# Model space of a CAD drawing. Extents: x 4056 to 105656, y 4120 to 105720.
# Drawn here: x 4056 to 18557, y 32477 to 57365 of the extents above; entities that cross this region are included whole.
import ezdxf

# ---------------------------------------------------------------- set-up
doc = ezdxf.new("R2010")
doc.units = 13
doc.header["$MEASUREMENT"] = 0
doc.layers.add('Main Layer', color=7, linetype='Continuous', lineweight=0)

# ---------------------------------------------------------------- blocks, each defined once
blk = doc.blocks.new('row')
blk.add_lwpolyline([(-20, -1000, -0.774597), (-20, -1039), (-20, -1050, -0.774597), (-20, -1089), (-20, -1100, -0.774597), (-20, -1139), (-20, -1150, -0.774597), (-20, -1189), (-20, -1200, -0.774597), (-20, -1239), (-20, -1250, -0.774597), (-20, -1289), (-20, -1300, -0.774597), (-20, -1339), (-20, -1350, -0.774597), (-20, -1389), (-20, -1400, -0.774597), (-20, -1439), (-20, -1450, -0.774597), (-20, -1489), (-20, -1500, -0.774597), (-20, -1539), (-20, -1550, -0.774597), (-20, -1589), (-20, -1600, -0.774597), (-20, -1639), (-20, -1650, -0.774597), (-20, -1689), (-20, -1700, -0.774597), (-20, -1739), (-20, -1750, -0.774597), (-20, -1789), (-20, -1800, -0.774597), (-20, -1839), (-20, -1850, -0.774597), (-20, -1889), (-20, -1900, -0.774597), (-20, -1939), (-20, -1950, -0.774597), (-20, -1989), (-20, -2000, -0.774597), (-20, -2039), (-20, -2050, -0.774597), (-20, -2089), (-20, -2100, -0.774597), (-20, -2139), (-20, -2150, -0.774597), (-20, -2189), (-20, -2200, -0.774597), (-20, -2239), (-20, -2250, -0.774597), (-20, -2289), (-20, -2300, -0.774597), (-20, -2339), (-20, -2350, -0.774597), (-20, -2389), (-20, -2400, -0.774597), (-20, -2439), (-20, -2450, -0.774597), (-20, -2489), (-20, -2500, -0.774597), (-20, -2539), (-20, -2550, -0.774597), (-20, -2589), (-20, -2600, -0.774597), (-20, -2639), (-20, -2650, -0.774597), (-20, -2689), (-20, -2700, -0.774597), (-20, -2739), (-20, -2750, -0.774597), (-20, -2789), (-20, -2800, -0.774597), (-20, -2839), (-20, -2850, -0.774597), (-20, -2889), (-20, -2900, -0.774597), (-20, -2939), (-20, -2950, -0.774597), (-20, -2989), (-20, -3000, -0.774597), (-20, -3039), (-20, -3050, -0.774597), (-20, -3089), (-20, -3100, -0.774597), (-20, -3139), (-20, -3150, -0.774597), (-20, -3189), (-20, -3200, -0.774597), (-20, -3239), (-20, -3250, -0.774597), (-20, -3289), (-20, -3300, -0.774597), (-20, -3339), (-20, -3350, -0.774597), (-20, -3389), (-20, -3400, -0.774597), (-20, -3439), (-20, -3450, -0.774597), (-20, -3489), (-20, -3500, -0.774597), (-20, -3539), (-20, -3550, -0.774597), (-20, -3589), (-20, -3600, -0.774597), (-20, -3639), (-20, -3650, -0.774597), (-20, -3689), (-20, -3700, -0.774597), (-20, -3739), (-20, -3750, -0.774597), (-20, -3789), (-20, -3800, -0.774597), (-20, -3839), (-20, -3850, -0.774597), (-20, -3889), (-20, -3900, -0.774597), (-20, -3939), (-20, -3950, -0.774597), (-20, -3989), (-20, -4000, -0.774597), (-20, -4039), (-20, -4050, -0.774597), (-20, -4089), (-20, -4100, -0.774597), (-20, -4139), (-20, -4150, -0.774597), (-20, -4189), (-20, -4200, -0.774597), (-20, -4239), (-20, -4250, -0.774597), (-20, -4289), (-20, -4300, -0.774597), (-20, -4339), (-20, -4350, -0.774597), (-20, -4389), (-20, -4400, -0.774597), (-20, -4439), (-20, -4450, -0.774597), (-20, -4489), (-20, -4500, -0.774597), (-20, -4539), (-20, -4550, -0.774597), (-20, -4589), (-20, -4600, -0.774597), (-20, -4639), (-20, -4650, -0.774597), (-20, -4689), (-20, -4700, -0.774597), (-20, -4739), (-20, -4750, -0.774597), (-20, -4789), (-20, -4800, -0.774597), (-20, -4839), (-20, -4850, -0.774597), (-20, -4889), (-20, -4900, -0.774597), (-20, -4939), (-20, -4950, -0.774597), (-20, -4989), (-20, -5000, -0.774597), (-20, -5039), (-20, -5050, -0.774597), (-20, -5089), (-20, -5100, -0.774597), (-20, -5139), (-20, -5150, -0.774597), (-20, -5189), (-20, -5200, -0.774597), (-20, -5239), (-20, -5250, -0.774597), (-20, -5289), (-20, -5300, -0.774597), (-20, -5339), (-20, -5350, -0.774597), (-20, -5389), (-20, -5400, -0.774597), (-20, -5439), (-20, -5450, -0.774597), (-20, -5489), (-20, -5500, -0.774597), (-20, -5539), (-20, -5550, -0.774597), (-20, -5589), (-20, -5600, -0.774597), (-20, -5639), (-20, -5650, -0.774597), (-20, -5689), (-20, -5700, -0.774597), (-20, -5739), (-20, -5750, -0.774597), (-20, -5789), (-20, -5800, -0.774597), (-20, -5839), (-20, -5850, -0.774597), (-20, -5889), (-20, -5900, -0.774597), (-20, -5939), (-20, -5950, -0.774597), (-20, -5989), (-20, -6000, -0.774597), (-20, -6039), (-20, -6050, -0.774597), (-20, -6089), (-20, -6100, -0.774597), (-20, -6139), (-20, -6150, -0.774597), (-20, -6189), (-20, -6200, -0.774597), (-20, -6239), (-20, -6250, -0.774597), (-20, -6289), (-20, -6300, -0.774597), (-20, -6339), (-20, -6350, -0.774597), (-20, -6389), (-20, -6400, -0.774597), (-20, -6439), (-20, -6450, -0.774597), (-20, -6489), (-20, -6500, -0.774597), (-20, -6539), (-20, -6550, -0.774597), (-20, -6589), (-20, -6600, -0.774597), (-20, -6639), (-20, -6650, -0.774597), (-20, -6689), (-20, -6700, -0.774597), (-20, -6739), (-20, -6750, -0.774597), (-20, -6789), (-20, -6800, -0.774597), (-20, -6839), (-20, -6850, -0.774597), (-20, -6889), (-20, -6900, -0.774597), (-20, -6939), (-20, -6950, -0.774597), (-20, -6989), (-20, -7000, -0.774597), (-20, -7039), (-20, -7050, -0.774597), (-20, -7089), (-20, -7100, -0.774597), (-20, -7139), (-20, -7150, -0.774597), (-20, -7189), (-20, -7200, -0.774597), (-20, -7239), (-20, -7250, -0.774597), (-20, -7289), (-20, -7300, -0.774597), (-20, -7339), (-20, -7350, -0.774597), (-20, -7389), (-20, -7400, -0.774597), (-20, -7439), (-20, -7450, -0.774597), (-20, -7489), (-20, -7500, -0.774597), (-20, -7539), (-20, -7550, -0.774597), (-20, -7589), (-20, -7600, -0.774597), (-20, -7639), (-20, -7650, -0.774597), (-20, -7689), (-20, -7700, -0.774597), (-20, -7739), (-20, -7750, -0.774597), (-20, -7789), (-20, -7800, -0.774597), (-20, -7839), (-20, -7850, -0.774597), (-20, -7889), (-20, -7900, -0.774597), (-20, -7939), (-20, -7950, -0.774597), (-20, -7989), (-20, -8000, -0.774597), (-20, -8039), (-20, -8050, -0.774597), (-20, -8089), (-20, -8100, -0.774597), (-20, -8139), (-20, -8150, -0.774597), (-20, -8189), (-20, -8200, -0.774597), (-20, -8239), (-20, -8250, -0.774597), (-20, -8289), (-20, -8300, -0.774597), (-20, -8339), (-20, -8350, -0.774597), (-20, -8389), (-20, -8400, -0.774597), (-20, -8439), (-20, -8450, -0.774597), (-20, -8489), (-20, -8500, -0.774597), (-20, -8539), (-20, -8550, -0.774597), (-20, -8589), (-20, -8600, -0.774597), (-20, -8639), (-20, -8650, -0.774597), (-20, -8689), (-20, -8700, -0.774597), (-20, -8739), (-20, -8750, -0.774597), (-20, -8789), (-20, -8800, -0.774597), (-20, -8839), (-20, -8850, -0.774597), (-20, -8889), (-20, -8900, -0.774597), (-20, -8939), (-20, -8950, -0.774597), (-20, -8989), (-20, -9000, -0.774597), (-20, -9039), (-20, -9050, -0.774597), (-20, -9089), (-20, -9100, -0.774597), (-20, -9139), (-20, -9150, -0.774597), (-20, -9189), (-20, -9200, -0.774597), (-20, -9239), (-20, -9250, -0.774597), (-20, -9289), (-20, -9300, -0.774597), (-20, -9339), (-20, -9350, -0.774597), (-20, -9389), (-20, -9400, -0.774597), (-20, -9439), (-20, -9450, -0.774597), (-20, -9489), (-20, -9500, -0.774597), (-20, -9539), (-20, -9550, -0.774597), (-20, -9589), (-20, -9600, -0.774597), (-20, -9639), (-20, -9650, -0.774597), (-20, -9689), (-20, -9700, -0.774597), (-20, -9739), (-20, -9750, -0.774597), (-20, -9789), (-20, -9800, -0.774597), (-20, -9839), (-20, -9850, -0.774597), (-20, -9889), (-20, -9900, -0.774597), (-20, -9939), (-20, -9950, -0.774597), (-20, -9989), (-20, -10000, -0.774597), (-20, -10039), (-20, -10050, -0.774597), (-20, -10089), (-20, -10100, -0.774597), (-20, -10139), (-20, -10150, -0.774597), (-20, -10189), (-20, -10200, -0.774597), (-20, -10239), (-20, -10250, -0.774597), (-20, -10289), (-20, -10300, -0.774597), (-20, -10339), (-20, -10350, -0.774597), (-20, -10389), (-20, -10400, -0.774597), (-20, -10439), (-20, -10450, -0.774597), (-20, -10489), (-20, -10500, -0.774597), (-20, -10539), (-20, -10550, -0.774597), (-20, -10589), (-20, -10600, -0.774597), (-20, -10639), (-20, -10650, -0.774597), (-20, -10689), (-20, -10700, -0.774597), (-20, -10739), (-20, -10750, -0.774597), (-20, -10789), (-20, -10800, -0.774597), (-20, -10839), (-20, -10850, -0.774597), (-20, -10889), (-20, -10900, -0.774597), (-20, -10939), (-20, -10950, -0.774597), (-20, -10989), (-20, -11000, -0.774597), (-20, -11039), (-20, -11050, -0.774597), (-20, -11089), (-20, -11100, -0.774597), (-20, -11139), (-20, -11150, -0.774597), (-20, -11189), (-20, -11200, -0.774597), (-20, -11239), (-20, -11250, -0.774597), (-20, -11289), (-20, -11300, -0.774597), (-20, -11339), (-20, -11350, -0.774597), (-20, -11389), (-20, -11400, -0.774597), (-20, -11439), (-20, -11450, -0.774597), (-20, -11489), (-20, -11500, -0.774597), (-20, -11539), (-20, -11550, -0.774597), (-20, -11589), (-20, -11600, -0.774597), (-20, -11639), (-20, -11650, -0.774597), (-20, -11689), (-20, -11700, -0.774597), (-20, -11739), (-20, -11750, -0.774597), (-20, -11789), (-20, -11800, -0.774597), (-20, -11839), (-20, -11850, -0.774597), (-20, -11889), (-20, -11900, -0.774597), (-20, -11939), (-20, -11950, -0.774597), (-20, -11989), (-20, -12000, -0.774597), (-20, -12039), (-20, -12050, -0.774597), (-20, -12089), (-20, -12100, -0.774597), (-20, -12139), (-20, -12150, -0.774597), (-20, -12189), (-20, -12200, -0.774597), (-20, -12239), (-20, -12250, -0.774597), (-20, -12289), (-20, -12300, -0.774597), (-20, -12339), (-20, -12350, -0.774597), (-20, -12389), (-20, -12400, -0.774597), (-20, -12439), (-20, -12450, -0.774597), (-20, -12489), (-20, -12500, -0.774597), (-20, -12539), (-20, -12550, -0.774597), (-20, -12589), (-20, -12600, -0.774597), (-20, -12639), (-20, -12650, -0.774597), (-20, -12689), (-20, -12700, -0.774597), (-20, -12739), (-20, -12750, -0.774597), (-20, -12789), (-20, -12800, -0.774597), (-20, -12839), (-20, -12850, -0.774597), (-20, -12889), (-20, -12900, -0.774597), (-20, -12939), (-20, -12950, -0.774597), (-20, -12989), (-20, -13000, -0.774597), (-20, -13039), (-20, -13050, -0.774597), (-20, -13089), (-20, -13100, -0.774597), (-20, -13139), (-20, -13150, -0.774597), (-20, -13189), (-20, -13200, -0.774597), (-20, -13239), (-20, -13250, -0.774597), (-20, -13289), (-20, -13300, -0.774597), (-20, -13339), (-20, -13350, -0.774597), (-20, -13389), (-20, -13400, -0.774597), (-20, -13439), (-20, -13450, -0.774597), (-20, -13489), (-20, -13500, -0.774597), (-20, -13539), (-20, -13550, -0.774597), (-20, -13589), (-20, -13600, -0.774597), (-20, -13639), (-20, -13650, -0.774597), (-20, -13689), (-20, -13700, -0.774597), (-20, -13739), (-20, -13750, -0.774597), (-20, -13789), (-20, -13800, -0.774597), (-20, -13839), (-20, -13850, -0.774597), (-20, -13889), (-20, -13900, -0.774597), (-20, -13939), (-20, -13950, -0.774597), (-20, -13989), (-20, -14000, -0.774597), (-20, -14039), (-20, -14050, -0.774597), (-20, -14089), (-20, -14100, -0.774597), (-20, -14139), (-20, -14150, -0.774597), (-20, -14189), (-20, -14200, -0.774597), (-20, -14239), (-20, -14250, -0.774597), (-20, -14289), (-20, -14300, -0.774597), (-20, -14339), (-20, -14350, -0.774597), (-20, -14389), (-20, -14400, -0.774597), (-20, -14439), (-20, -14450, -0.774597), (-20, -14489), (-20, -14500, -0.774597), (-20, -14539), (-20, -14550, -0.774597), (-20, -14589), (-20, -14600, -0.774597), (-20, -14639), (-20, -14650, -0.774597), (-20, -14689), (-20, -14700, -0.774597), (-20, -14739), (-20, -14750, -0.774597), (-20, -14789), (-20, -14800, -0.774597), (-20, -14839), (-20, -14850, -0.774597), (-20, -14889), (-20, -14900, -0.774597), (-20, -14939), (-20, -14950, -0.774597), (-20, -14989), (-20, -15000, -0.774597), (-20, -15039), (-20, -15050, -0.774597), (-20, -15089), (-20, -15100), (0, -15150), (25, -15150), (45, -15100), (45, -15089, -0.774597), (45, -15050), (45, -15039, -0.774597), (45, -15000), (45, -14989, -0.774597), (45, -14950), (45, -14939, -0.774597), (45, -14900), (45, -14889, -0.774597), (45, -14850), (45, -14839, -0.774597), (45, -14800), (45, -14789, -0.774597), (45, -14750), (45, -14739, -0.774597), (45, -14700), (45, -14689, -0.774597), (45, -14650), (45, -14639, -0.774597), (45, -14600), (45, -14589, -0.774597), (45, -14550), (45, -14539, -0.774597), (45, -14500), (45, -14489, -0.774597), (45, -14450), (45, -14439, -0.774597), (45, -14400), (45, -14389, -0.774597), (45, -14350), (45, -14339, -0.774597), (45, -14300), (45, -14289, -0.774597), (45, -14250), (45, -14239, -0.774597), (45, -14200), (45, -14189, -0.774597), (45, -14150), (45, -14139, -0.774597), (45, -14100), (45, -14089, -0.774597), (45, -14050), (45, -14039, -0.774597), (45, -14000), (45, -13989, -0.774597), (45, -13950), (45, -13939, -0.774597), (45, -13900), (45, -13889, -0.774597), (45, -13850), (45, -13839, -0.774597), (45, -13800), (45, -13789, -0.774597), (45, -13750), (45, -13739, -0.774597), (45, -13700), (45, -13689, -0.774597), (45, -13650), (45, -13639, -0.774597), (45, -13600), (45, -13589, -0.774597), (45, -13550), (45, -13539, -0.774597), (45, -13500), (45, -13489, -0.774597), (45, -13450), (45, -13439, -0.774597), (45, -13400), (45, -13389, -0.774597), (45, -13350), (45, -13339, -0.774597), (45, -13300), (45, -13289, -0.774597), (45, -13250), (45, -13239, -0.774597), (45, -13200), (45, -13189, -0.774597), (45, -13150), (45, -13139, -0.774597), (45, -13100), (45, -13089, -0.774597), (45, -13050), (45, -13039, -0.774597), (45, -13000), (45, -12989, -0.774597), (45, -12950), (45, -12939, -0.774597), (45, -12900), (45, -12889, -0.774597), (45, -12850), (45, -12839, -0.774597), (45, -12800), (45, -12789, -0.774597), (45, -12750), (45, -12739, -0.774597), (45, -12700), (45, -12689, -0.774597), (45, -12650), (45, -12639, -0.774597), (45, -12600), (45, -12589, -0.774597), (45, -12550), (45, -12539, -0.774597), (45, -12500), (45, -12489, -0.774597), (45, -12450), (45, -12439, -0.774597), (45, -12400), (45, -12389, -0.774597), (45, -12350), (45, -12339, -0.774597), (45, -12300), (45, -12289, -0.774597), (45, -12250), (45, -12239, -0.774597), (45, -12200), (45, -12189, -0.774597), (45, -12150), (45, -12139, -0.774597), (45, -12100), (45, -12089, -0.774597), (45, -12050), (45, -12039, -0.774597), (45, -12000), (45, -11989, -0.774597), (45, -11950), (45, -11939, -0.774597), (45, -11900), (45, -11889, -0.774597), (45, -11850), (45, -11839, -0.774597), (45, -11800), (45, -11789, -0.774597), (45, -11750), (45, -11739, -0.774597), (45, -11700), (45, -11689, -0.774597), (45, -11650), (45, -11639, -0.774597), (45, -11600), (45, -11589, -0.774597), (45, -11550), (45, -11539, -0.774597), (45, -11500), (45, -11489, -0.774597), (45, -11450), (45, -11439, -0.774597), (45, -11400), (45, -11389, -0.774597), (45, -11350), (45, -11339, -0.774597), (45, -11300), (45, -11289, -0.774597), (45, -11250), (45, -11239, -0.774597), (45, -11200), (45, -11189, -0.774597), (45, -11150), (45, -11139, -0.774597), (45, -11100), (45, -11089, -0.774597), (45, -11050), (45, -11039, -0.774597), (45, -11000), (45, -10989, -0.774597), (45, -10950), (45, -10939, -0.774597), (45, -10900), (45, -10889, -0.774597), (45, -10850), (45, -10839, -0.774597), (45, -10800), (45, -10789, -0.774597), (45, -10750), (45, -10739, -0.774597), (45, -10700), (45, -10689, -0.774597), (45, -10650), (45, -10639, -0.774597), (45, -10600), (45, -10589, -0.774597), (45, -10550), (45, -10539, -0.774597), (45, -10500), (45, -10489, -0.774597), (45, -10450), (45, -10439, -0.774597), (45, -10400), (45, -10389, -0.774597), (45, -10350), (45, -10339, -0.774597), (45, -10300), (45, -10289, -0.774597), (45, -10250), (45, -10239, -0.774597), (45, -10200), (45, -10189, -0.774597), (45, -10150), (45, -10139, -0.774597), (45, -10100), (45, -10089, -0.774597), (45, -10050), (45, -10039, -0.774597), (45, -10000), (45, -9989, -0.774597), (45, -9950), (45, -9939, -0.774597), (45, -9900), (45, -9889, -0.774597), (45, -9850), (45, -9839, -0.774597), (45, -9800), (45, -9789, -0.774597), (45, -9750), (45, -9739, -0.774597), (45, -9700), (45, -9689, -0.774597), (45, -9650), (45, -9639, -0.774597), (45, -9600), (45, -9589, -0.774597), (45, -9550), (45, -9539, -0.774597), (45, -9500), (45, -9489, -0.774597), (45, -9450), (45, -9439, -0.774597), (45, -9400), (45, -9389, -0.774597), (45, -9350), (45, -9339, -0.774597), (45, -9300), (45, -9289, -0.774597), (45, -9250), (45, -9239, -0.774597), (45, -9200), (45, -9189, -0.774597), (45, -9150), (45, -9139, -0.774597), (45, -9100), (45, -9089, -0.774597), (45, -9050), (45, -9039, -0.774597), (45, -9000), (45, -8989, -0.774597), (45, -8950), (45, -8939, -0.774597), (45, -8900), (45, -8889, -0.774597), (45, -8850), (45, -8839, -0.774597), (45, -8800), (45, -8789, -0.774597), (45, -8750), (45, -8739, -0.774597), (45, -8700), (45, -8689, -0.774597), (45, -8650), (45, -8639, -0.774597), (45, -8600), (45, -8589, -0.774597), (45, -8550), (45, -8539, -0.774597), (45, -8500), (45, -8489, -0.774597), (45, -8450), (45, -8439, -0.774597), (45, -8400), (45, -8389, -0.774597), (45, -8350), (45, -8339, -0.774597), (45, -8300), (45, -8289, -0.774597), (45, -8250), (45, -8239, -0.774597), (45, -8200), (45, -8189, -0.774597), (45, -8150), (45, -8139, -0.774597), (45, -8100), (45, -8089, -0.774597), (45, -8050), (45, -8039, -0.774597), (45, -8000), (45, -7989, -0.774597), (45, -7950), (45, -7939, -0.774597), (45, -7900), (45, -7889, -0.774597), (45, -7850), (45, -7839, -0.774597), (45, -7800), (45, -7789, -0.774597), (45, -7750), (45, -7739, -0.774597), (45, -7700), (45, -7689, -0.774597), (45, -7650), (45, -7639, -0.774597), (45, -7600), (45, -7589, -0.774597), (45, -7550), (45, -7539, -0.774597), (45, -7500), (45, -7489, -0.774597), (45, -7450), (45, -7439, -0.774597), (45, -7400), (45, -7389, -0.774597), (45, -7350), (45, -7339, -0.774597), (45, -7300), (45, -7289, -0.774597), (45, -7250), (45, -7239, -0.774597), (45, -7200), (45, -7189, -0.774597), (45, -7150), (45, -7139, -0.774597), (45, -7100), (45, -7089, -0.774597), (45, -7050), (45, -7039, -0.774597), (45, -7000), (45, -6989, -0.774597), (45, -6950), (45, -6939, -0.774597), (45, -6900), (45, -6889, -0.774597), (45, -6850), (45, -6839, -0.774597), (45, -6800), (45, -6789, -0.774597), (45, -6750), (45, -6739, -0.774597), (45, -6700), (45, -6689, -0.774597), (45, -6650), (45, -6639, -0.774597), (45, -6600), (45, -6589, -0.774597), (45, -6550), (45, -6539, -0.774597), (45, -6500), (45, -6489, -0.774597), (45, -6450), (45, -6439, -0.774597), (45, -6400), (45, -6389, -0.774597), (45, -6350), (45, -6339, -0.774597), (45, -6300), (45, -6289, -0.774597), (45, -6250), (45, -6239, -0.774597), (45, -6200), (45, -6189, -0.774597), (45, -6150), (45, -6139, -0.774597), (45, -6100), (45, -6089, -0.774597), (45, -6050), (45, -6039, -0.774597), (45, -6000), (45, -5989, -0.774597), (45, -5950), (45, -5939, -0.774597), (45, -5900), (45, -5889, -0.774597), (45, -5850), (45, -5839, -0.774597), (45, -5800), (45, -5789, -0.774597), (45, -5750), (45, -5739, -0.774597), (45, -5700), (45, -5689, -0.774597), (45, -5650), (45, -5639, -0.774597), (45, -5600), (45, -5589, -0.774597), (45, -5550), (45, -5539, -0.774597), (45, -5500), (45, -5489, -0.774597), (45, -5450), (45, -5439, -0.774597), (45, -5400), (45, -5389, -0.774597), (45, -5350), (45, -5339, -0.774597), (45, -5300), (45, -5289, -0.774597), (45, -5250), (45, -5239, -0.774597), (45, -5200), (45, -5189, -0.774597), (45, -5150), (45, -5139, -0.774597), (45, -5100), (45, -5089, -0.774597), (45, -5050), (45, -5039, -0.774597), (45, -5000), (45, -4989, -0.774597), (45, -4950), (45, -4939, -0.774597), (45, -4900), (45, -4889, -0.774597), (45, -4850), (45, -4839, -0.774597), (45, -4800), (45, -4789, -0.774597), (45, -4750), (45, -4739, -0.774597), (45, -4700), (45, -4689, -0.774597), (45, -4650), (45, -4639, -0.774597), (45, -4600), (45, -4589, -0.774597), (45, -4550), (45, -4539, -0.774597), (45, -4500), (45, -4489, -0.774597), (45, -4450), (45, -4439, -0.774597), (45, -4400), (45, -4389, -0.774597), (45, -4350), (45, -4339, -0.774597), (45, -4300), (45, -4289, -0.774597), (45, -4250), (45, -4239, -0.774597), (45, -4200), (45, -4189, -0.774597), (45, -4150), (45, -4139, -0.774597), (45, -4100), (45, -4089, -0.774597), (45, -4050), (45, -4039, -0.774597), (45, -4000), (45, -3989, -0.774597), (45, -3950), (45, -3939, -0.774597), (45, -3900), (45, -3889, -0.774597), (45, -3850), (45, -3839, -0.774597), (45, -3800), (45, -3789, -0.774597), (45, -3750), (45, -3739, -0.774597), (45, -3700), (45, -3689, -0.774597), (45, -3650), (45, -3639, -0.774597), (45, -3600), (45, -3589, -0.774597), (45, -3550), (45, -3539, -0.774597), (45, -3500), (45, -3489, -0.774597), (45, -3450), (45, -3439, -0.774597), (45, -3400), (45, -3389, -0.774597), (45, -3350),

### What you will do
Restate verbatim all lines from the start of the data through the line containing "blk = doc.blocks.new('row')", with both ends kept.

### Reply to the task
# Model space of a CAD drawing. Extents: x 4056 to 105656, y 4120 to 105720.
# Drawn here: x 4056 to 18557, y 32477 to 57365 of the extents above; entities that cross this region are included whole.
import ezdxf

# ---------------------------------------------------------------- set-up
doc = ezdxf.new("R2010")
doc.units = 13
doc.header["$MEASUREMENT"] = 0
doc.layers.add('Main Layer', color=7, linetype='Continuous', lineweight=0)

# ---------------------------------------------------------------- blocks, each defined once
blk = doc.blocks.new('row')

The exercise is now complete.